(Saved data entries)
★ ★ ★

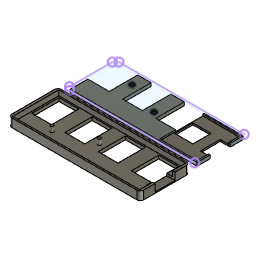
dongle_housing (Autodesk Fusion 360 design; units mm, degrees)
Autodesk Fusion 360 part; units mm, degrees
sketch "Sketch1" plane through (0, 0, 0) normal (0, 0, 1) x (1, 0, 0)
  line L0 (2, 0) -> (78, 0)
  line L1 (80, 2) -> (80, 28)
  line L2 (78, 30) -> (2, 30)
  line L3 (0, 28) -> (0, 2)
  arc A0 (2, 30) -> (0, 28) centre (2, 28) ccw
  arc A1 (0, 2) -> (2, 0) centre (2, 2) ccw
  arc A2 (80, 28) -> (78, 30) centre (78, 28) ccw
  arc A3 (78, 0) -> (80, 2) centre (78, 2) ccw
  point P0 (80, 0)
  point P1 (0, 30)
  dimension "d1" = 30
  dimension "d2" = 80
  dimension "d3" = 2
  dimension "d4" = 2
  dimension "d5" = 2
  dimension "d6" = 2
  constraint horizontal L0
  constraint vertical L1
  constraint horizontal L2
  constraint vertical L3
  constraint coincident P1 L2
  constraint coincident P1 L3
  constraint tangent L2 A0
  constraint tangent L3 A0
  constraint coincident origin L0
  constraint coincident origin L3
  constraint tangent L0 A1
  constraint tangent L3 A1
  constraint tangent L1 A2
  constraint tangent L2 A2
  constraint coincident P0 L0
  constraint coincident P0 L1
  constraint tangent L0 A3
  constraint tangent L1 A3
  measures "d1" distance of origin P1
  measures "d2" distance of origin P0
  measures "d3" radius of A0
  measures "d4" radius of A1
  measures "d5" radius of A2
  measures "d6" radius of A3
extrude "Extrude1" add sketch "Sketch1" along normal blind 6 makes body 1
sketch "Sketch2" plane through (0, 0, 6) normal (0, 0, 1) x (-1, 0, 0)
  arc A0 (-78, 0) -> (-80, -2) centre (-78, -2) ccw
  line L0 (-80, -2) -> (-80, -28)
  arc A1 (-80, -28) -> (-78, -30) centre (-78, -28) ccw
  line L1 (-78, -30) -> (-2, -30)
  arc A2 (-2, -30) -> (0, -28) centre (-2, -28) ccw
  line L2 (0, -28) -> (0, -2)
  arc A3 (0, -2) -> (-2, 0) centre (-2, -2) ccw
  line L3 (-2, 0) -> (-78, 0)
  line L4 (-40, -30) -> (-40, 0) construction
  line L5 (-2.5, -28.1) -> (-77.5, -28.1)
  line L6 (-77.5, -28.1) -> (-77.5, -1.9)
  line L7 (-77.5, -1.9) -> (-2.5, -1.9)
  line L8 (-2.5, -1.9) -> (-2.5, -28.1)
  line L9 (0, -15) -> (-80, -15) construction
  dimension "d11" = 75
  dimension "d12" = 26.2
  constraint midpoint L1 L4.start
  constraint midpoint L3 L4.end
  constraint horizontal L5
  constraint vertical L6
  constraint horizontal L7
  constraint vertical L8
  constraint symmetric L4 L6 L8
  constraint midpoint L2 L9.start
  constraint midpoint L0 L9.end
  constraint symmetric L5 L7 L9
  measures "d11" distance of L5.start L5.end
  measures "d12" distance of L5.end L6.end
extrude "Extrude2" cut sketch "Sketch2" against normal blind 4 contours L5 L6 L7 L8 bodies 1
sketch "Sketch4" plane through (0, 0, 6) normal (0, 0, 1) x (1, 0, 0)
  line L0 (2.5, 28.1) -> (14.5, 28.1)
  line L1 (14.5, 28.1) -> (14.5, 11.6)
  line L2 (14.5, 11.6) -> (2.5, 11.6)
  line L3 (2.5, 11.6) -> (2.5, 28.1)
  line L4 (34.6667, 28.1) -> (34.6667, 11.6)
  line L5 (22.6667, 28.1) -> (34.6667, 28.1)
  line L6 (22.6667, 11.6) -> (22.6667, 28.1)
  line L7 (34.6667, 11.6) -> (22.6667, 11.6)
  line L8 (54.8333, 28.1) -> (54.8333, 11.6)
  line L9 (42.8333, 28.1) -> (54.8333, 28.1)
  line L10 (42.8333, 11.6) -> (42.8333, 28.1)
  line L11 (54.8333, 11.6) -> (42.8333, 11.6)
  line L12 (75, 28.1) -> (75, 11.6)
  line L13 (63, 28.1) -> (75, 28.1)
  line L14 (63, 11.6) -> (63, 28.1)
  line L15 (75, 11.6) -> (63, 11.6)
  dimension "d23" = 16.5
  dimension "d24" = 12
  dimension "d27" = 60.5
  dimension "d28" = 0
  constraint horizontal L0
  constraint vertical L1
  constraint horizontal L2
  constraint vertical L3
  measures "d23" distance of L0.start L2.end
  measures "d24" distance of L0.start L0.end
extrude "Extrude4" cut sketch "Sketch4" against normal blind 11 bodies 1
sketch "Sketch5" plane through (0, 0, 6) normal (0, 0, 1) x (-1, 0, 0)
  line L0 (-77.5, -28.1) -> (-77.5, -1.9)
  line L1 (-77.5, -1.9) -> (-2.5, -1.9)
  line L2 (-2.5, -1.9) -> (-2.5, -28.1)
  line L3 (-2.5, -28.1) -> (-77.5, -28.1)
  arc A0 (-78, 0) -> (-80, -2) centre (-78, -2) ccw
  line L4 (-80, -2) -> (-80, -28)
  arc A1 (-80, -28) -> (-78, -30) centre (-78, -28) ccw
  line L5 (-78, -30) -> (-2, -30)
  arc A2 (-2, -30) -> (0, -28) centre (-2, -28) ccw
  line L6 (0, -28) -> (0, -2)
  arc A3 (0, -2) -> (-2, 0) centre (-2, -2) ccw
  line L7 (-2, 0) -> (-78, 0)
  line L8 (-80, -21.05) -> (-75, -21.05)
  line L9 (-75, -21.05) -> (-75, -8.95)
  line L10 (-75, -8.95) -> (-80, -8.95)
  line L11 (-80, -8.95) -> (-80, -21.05)
  line L12 (-80, -15) -> (0, -15) construction
  dimension "d31" = 12.1
  constraint horizontal L8
  constraint vertical L9
  constraint horizontal L10
  constraint vertical L11
  constraint coincident L4 L8.start
  constraint midpoint L4 L12.start
  constraint midpoint L6 L12.end
  constraint symmetric L8 L10 L12
  measures "d31" distance of L8.start L10.end
extrude "Extrude5" cut sketch "Sketch5" against normal blind 5.3 contours L0 L4 L8 L10 L11 | L0 L8 L9 L10 bodies 1
sketch "Sketch6" plane through (0, 0, 2) normal (0, 0, 1) x (-1, 0, 0)
  line L0 (-75, -8.95) -> (-75, -11.6)
  line L1 (-75, -11.6) -> (-63, -11.6)
  line L2 (-63, -11.6) -> (-63, -28.1)
  line L3 (-63, -28.1) -> (-54.8333, -28.1)
  line L4 (-54.8333, -28.1) -> (-54.8333, -11.6)
  line L5 (-54.8333, -11.6) -> (-42.8333, -11.6)
  line L6 (-42.8333, -11.6) -> (-42.8333, -28.1)
  line L7 (-42.8333, -28.1) -> (-34.6667, -28.1)
  line L8 (-34.6667, -28.1) -> (-34.6667, -11.6)
  line L9 (-34.6667, -11.6) -> (-22.6667, -11.6)
  line L10 (-22.6667, -11.6) -> (-22.6667, -28.1)
  line L11 (-22.6667, -28.1) -> (-14.5, -28.1)
  line L12 (-14.5, -28.1) -> (-14.5, -11.6)
  line L13 (-14.5, -11.6) -> (-2.5, -11.6)
  line L14 (-2.5, -11.6) -> (-2.5, -1.9)
  line L15 (-2.5, -1.9) -> (-77.5, -1.9)
  line L16 (-77.5, -1.9) -> (-77.5, -8.95)
  line L17 (-77.5, -8.95) -> (-75, -8.95)
  circle A0 centre (-18.17, -8.2) radius 0.95
  line L18 (-2, 0) -> (-78, 0)
  circle A1 centre (-39.2, -15.9) radius 0.95
  line L19 (-2.5, -1.9) -> (-2.5, -28.1)
  dimension "d34" = 15.67
  dimension "d35" = 8.2
  dimension "d36" = 1.9
  dimension "d37" = 12.2
  dimension "d38" = 36.7
  dimension "d39" = 1.9
  measures "d34" distance of L14 A0.centre
  measures "d35" distance of A0.centre L18
  measures "d36" diameter of A0
  measures "d37" distance of L7 A1.centre
  measures "d38" distance of A1.centre L19
  measures "d39" diameter of A1
extrude "Extrude6" add sketch "Sketch6" along normal blind 9.15 contours A0 | A1 bodies 1
sketch "Sketch7" plane through (0, 0, 0) normal (0, 0, 1) x (1, 0, 0)
  line L0 (2, 35) -> (78, 35)
  line L1 (80, 37) -> (80, 63)
  line L2 (78, 65) -> (2, 65)
  line L3 (0, 63) -> (0, 37)
  arc A0 (2, 65) -> (0, 63) centre (2, 63) ccw
  arc A1 (80, 63) -> (78, 65) centre (78, 63) ccw
  arc A2 (78, 35) -> (80, 37) centre (78, 37) ccw
  arc A3 (0, 37) -> (2, 35) centre (2, 37) ccw
  point P0 (0, 35)
  point P1 (80, 65)
  point P2 (0, 65)
  dimension "d42" = 30
  dimension "d43" = 80
  dimension "d44" = 2
  constraint horizontal L0
  constraint vertical L1
  constraint horizontal L2
  constraint vertical L3
  constraint coincident P2 L2
  constraint coincident P2 L3
  constraint tangent L2 A0
  constraint tangent L3 A0
  constraint coincident P1 L1
  constraint coincident P1 L2
  constraint tangent L1 A1
  constraint tangent L2 A1
  constraint equal A0 A1
  constraint tangent L0 A2
  constraint tangent L1 A2
  constraint equal A0 A2
  constraint coincident P0 L0
  constraint coincident P0 L3
  constraint tangent L0 A3
  constraint tangent L3 A3
  constraint equal A0 A3
  measures "d42" distance of P0 P2
  measures "d43" distance of P1 P2
  measures "d44" radius of A0
extrude "Extrude7" add sketch "Sketch7" along normal blind 4 separate body makes body 2
sketch "Sketch8" plane through (0, 0, 4) normal (0, 0, 1) x (-1, 0, 0)
  arc A0 (0, -37) -> (-2, -35) centre (-2, -37) ccw
  line L0 (-2, -35) -> (-78, -35)
  arc A1 (-78, -35) -> (-80, -37) centre (-78, -37) ccw
  line L1 (-80, -37) -> (-80, -63)
  arc A2 (-80, -63) -> (-78, -65) centre (-78, -63) ccw
  line L2 (-78, -65) -> (-2, -65)
  arc A3 (-2, -65) -> (0, -63) centre (-2, -63) ccw
  line L3 (0, -63) -> (0, -37)
  line L4 (-2.5, -36.9) -> (-77.5, -36.9)
  line L5 (-77.5, -36.9) -> (-77.5, -63.1)
  line L6 (-77.5, -63.1) -> (-2.5, -63.1)
  line L7 (-2.5, -63.1) -> (-2.5, -36.9)
  line L8 (-80, -50) -> (0, -50) construction
  line L9 (-40, -65) -> (-40, -35) construction
  dimension "d47" = 75
  dimension "d48" = 26.2
  dimension "d49" = 37.5
  dimension "d50" = 13.1
  constraint horizontal L4
  constraint vertical L5
  constraint horizontal L6
  constraint vertical L7
  constraint midpoint L1 L8.start
  constraint midpoint L3 L8.end
  constraint midpoint L2 L9.start
  constraint midpoint L0 L9.end
  measures "d47" distance of L5.end L6.end
  measures "d48" distance of L4 L6
  measures "d49" distance of L7 L9
  measures "d50" distance of L6 L8
extrude "Extrude8" cut sketch "Sketch8" against normal blind 2 contours L4 L5 L6 L7 bodies 2
sketch "Sketch9" plane through (0, 0, 2) normal (0, 0, 1) x (-1, 0, 0)
  line L0 (-2.5, -63.1) -> (-2.5, -36.9)
  line L1 (-2.5, -36.9) -> (-77.5, -36.9)
  line L2 (-77.5, -36.9) -> (-77.5, -63.1)
  line L3 (-77.5, -63.1) -> (-2.5, -63.1)
  line L4 (-2.5, -63.1) -> (-14.5, -63.1)
  line L5 (-14.5, -63.1) -> (-14.5, -46.6)
  line L6 (-14.5, -46.6) -> (-2.5, -46.6)
  line L7 (-2.5, -46.6) -> (-2.5, -63.1)
  line L8 (-34.65, -63.1) -> (-34.65, -46.6)
  line L9 (-22.65, -46.6) -> (-22.65, -63.1)
  line L10 (-34.65, -46.6) -> (-22.65, -46.6)
  line L11 (-22.65, -63.1) -> (-34.65, -63.1)
  line L12 (-54.8, -63.1) -> (-54.8, -46.6)
  line L13 (-42.8, -46.6) -> (-42.8, -63.1)
  line L14 (-54.8, -46.6) -> (-42.8, -46.6)
  line L15 (-42.8, -63.1) -> (-54.8, -63.1)
  dimension "d53" = 16.5
  dimension "d54" = 12
  dimension "d57" = -40.3
  dimension "d58" = 0
  constraint horizontal L4
  constraint vertical L5
  constraint horizontal L6
  constraint vertical L7
  constraint coincident L0.start L3.end
  measures "d53" distance of L0.start L6.end
  measures "d54" distance of L0.start L4.end
extrude "Extrude9" cut sketch "Sketch9" against normal blind 11 contours L0 L3 L4 L5 L6 L7 | L3 L8 L9 L10 L11 | L3 L12 L13 L14 L15 bodies 2
sketch "Sketch10" plane through (0, 0, 4) normal (0, 0, 1) x (-1, 0, 0)
  line L0 (-77.5, -36.9) -> (-2.5, -36.9)
  line L1 (-2.5, -36.9) -> (-2.5, -63.1)
  line L2 (-2.5, -63.1) -> (-77.5, -63.1)
  line L3 (-77.5, -63.1) -> (-77.5, -36.9)
  arc A0 (0, -37) -> (-2, -35) centre (-2, -37) ccw
  line L4 (-2, -35) -> (-78, -35)
  arc A1 (-78, -35) -> (-80, -37) centre (-78, -37) ccw
  line L5 (-80, -37) -> (-80, -63)
  arc A2 (-80, -63) -> (-78, -65) centre (-78, -63) ccw
  line L6 (-78, -65) -> (-2, -65)
  arc A3 (-2, -65) -> (0, -63) centre (-2, -63) ccw
  line L7 (0, -63) -> (0, -37)
  line L8 (-77.5, -43.95) -> (-83, -43.95)
  line L9 (-83, -43.95) -> (-83, -56.05)
  line L10 (-83, -56.05) -> (-77.5, -56.05)
  line L11 (-77.5, -56.05) -> (-77.5, -43.95)
  line L12 (-80, -50) -> (0, -50) construction
  line L13 (-77.5, -43.95) -> (-72.5, -43.95)
  line L14 (-72.5, -43.95) -> (-72.5, -56)
  line L15 (-72.5, -56) -> (-77.5, -56)
  line L16 (-77.5, -56) -> (-77.5, -43.95)
  dimension "d61" = 12.1
  dimension "d62" = 6.05
  dimension "d63" = 5
  constraint horizontal L8
  constraint vertical L9
  constraint horizontal L10
  constraint vertical L11
  constraint coincident L3 L8.start
  constraint midpoint L5 L12.start
  constraint midpoint L7 L12.end
  constraint horizontal L13
  constraint vertical L14
  constraint horizontal L15
  constraint vertical L16
  measures "d61" distance of L8.end L9.end
  measures "d62" distance of L10 L12
  measures "d63" distance of L8.start L13.end
extrude "Extrude10" cut sketch "Sketch10" against normal blind 2.5 contours L3 L11 L13 L14 L15 L16 | L3 L5 L8 L10 L11 L16 | L5 L8 L9 L10 bodies 2
sketch "Sketch11" plane through (0, 0, 2) normal (0, 0, 1) x (-1, 0, 0)
  line L0 (-72.5, -56) -> (-77.5, -56)
  line L1 (-77.5, -56) -> (-77.5, -56.05)
  line L2 (-77.5, -56.05) -> (-77.5, -63.1)
  line L3 (-77.5, -63.1) -> (-54.8, -63.1)
  line L4 (-54.8, -63.1) -> (-54.8, -46.6)
  line L5 (-54.8, -46.6) -> (-42.8, -46.6)
  line L6 (-42.8, -46.6) -> (-42.8, -63.1)
  line L7 (-42.8, -63.1) -> (-34.65, -63.1)
  line L8 (-34.65, -63.1) -> (-34.65, -46.6)
  line L9 (-34.65, -46.6) -> (-22.65, -46.6)
  line L10 (-22.65, -46.6) -> (-22.65, -63.1)
  line L11 (-22.65, -63.1) -> (-14.5, -63.1)
  line L12 (-14.5, -63.1) -> (-14.5, -46.6)
  line L13 (-14.5, -46.6) -> (-2.5, -46.6)
  line L14 (-2.5, -46.6) -> (-2.5, -36.9)
  line L15 (-2.5, -36.9) -> (-77.5, -36.9)
  line L16 (-77.5, -36.9) -> (-77.5, -43.95)
  line L17 (-77.5, -43.95) -> (-72.5, -43.95)
  line L18 (-72.5, -43.95) -> (-72.5, -56)
  line L19 (-77.5, -36.9) -> (-65.5, -36.9)
  line L20 (-65.5, -36.9) -> (-65.5, -63.1)
  line L21 (-65.5, -63.1) -> (-77.5, -63.1)
  line L22 (-77.5, -63.1) -> (-77.5, -36.9)
  dimension "d66" = 12
  constraint horizontal L19
  constraint vertical L20
  constraint horizontal L21
  constraint vertical L22
  constraint coincident L3 L20.end
  constraint coincident L15.end L16.start
  measures "d66" distance of L20 L22
extrude "Extrude11" cut sketch "Sketch11" against normal blind 1 contours L0 L1 L2 L3 L15 L16 L17 L18 L19 L20 L21 L22 bodies 2
sketch "Sketch12" plane through (0, 0, 2) normal (0, 0, 1) x (-1, 0, 0)
  line L0 (-65.5, -36.9) -> (-65.5, -63.1)
  line L1 (-65.5, -63.1) -> (-54.8, -63.1)
  line L2 (-54.8, -63.1) -> (-54.8, -46.6)
  line L3 (-54.8, -46.6) -> (-42.8, -46.6)
  line L4 (-42.8, -46.6) -> (-42.8, -63.1)
  line L5 (-42.8, -63.1) -> (-34.65, -63.1)
  line L6 (-34.65, -63.1) -> (-34.65, -46.6)
  line L7 (-34.65, -46.6) -> (-22.65, -46.6)
  line L8 (-22.65, -46.6) -> (-22.65, -63.1)
  line L9 (-22.65, -63.1) -> (-14.5, -63.1)
  line L10 (-14.5, -63.1) -> (-14.5, -46.6)
  line L11 (-14.5, -46.6) -> (-2.5, -46.6)
  line L12 (-2.5, -46.6) -> (-2.5, -36.9)
  line L13 (-2.5, -36.9) -> (-65.5, -36.9)
  line L14 (-55.5, -56.4) -> (-66.5, -56.4)
  line L15 (-66.5, -56.4) -> (-66.5, -45.4)
  line L16 (-66.5, -45.4) -> (-55.5, -45.4)
  line L17 (-55.5, -45.4) -> (-55.5, -56.4)
  line L18 (-77.5, -37) -> (-77.5, -63) construction
  dimension "d69" = 11
  dimension "d70" = 11
  dimension "d71" = 11
  dimension "d109" = 8.5
  constraint horizontal L14
  constraint vertical L15
  constraint horizontal L16
  constraint vertical L17
  constraint parallel L2 L18
  measures "d69" distance of L14.end L15.end
  measures "d70" distance of L14.start L14.end
  measures "d71" distance of L15 L18
  measures "d109" distance of L13 L16
extrude "Extrude12" cut sketch "Sketch12" against normal blind 8 contours L0 L14 L16 L17 | L0 L14 L15 L16 bodies 2
sketch "Sketch13" plane through (0, 0, 2) normal (0, 0, 1) x (-1, 0, 0)
  line L0 (-55.5, -56.4) -> (-65.5, -56.4)
  line L1 (-65.5, -56.4) -> (-65.5, -63.1)
  line L2 (-65.5, -63.1) -> (-54.8, -63.1)
  line L3 (-54.8, -63.1) -> (-54.8, -46.6)
  line L4 (-54.8, -46.6) -> (-42.8, -46.6)
  line L5 (-42.8, -46.6) -> (-42.8, -63.1)
  line L6 (-42.8, -63.1) -> (-34.65, -63.1)
  line L7 (-34.65, -63.1) -> (-34.65, -46.6)
  line L8 (-34.65, -46.6) -> (-22.65, -46.6)
  line L9 (-22.65, -46.6) -> (-22.65, -63.1)
  line L10 (-22.65, -63.1) -> (-14.5, -63.1)
  line L11 (-14.5, -63.1) -> (-14.5, -46.6)
  line L12 (-14.5, -46.6) -> (-2.5, -46.6)
  line L13 (-2.5, -46.6) -> (-2.5, -36.9)
  line L14 (-2.5, -36.9) -> (-65.5, -36.9)
  line L15 (-65.5, -36.9) -> (-65.5, -45.4)
  line L16 (-65.5, -45.4) -> (-55.5, -45.4)
  line L17 (-55.5, -45.4) -> (-55.5, -56.4)
  line L18 (-54.8, -63.1) -> (-65.5, -63.1)
  line L19 (-65.5, -63.1) -> (-65.5, -36.9)
  line L20 (-65.5, -36.9) -> (-54.8, -36.9)
  line L21 (-54.8, -36.9) -> (-54.8, -63.1)
  constraint horizontal L18
  constraint vertical L19
  constraint horizontal L20
  constraint vertical L21
  constraint coincident L14.end L15.start
  constraint coincident L2.end L3.start
extrude "Extrude13" cut sketch "Sketch13" against normal blind 1 contours L0 L1 L2 L3 L14 L15 L16 L17 L18 L19 L20 L21 bodies 2
sketch "Sketch14" plane through (0, 0, 6) normal (0, 0, 1) x (-1, 0, 0)
  line L0 (-77.5, -21.05) -> (-80, -21.05)
  line L1 (-80, -21.05) -> (-80, -28)
  arc A0 (-80, -28) -> (-78, -30) centre (-78, -28) ccw
  line L2 (-78, -30) -> (-2, -30)
  arc A1 (-2, -30) -> (0, -28) centre (-2, -28) ccw
  line L3 (0, -28) -> (0, -2)
  arc A2 (0, -2) -> (-2, 0) centre (-2, -2) ccw
  line L4 (-2, 0) -> (-78, 0)
  arc A3 (-78, 0) -> (-80, -2) centre (-78, -2) ccw
  line L5 (-80, -2) -> (-80, -8.95)
  line L6 (-80, -8.95) -> (-77.5, -8.95)
  line L7 (-77.5, -8.95) -> (-77.5, -1.9)
  line L8 (-77.5, -1.9) -> (-2.5, -1.9)
  line L9 (-2.5, -1.9) -> (-2.5, -28.1)
  line L10 (-2.5, -28.1) -> (-77.5, -28.1)
  line L11 (-77.5, -28.1) -> (-77.5, -21.05)
  line L12 (-1.5, -1) -> (-78.5, -1)
  line L13 (-78.5, -1) -> (-78.5, -29)
  line L14 (-78.5, -29) -> (-1.5, -29)
  line L15 (-1.5, -29) -> (-1.5, -1)
  dimension "d77" = 77
  dimension "d78" = 28
  dimension "d79" = 1
  dimension "d80" = 1.5
  constraint horizontal L12
  constraint vertical L13
  constraint horizontal L14
  constraint vertical L15
  measures "d77" distance of L12.start L12.end
  measures "d78" distance of L12.start L14.end
  measures "d79" distance of L4 L12
  measures "d80" distance of L3 L15
extrude "Extrude14" cut sketch "Sketch14" against normal blind 2.87 contours L0 L6 L7 L8 L9 L10 L11 L12 L13 L14 L15 bodies 1
sketch "Sketch15" plane through (0, 0, 4) normal (0, 0, 1) x (-1, 0, 0)
  line L0 (-77.5, -56.05) -> (-80, -56.05)
  line L1 (-80, -56.05) -> (-80, -63)
  arc A0 (-80, -63) -> (-78, -65) centre (-78, -63) ccw
  line L2 (-78, -65) -> (-2, -65)
  arc A1 (-2, -65) -> (0, -63) centre (-2, -63) ccw
  line L3 (0, -63) -> (0, -37)
  arc A2 (0, -37) -> (-2, -35) centre (-2, -37) ccw
  line L4 (-2, -35) -> (-78, -35)
  arc A3 (-78, -35) -> (-80, -37) centre (-78, -37) ccw
  line L5 (-80, -37) -> (-80, -43.95)
  line L6 (-80, -43.95) -> (-77.5, -43.95)
  line L7 (-77.5, -43.95) -> (-77.5, -36.9)
  line L8 (-77.5, -36.9) -> (-2.5, -36.9)
  line L9 (-2.5, -36.9) -> (-2.5, -63.1)
  line L10 (-2.5, -63.1) -> (-77.5, -63.1)
  line L11 (-77.5, -63.1) -> (-77.5, -56.05)
  line L12 (-1.5, -35.9) -> (-78.5, -35.9)
  line L13 (-78.5, -35.9) -> (-78.5, -63.9)
  line L14 (-78.5, -63.9) -> (-1.5, -63.9)
  line L15 (-1.5, -63.9) -> (-1.5, -35.9)
  dimension "d83" = 77
  dimension "d84" = 28
  dimension "d85" = 1
  dimension "d86" = 1
  constraint horizontal L12
  constraint vertical L13
  constraint horizontal L14
  constraint vertical L15
  measures "d83" distance of L13.end L14.end
  measures "d84" distance of L12.start L14.end
  measures "d85" distance of L9 L15
  measures "d86" distance of L8 L12
extrude "Extrude15" cut sketch "Sketch15" against normal blind 2 contours L0 L1 A0 L2 A1 L3 A2 L4 A3 L5 L6 L12 L13 L14 L15 bodies 2
extrude "Extrude16" cut 1 faces at (27.5, 36.2333, 4) along direction (0, 0, -1) blind 2 on bodies 2 bodies 2
extrude "Extrude17" cut 1 faces at (1, 19.3333, 6) along direction (0, 0, -1) up to surface (0.87 mm away) on bodies 1 bodies 1
sketch "Sketch16" plane through (0, 0, 2) normal (0, 0, 1) x (-1, 0, 0)
  line L0 (-14.5, -63.1) -> (-14.5, -46.6)
  line L1 (-14.5, -46.6) -> (-2.5, -46.6)
  line L2 (-2.5, -46.6) -> (-2.5, -63.1)
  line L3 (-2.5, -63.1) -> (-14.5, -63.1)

★ ★ ★

▶ [What to work on]:
For this exercise, please output exactly the lines above starting at the line with "constraint coincident L15.end L16.start" and ending at the line with "line L7 (-34.65, -46.6) -> (-22.65, -46.6)", ends included.

▶ [Completed task]:
  constraint coincident L15.end L16.start
  measures "d66" distance of L20 L22
extrude "Extrude11" cut sketch "Sketch11" against normal blind 1 contours L0 L1 L2 L3 L15 L16 L17 L18 L19 L20 L21 L22 bodies 2
sketch "Sketch12" plane through (0, 0, 2) normal (0, 0, 1) x (-1, 0, 0)
  line L0 (-65.5, -36.9) -> (-65.5, -63.1)
  line L1 (-65.5, -63.1) -> (-54.8, -63.1)
  line L2 (-54.8, -63.1) -> (-54.8, -46.6)
  line L3 (-54.8, -46.6) -> (-42.8, -46.6)
  line L4 (-42.8, -46.6) -> (-42.8, -63.1)
  line L5 (-42.8, -63.1) -> (-34.65, -63.1)
  line L6 (-34.65, -63.1) -> (-34.65, -46.6)
  line L7 (-34.65, -46.6) -> (-22.65, -46.6)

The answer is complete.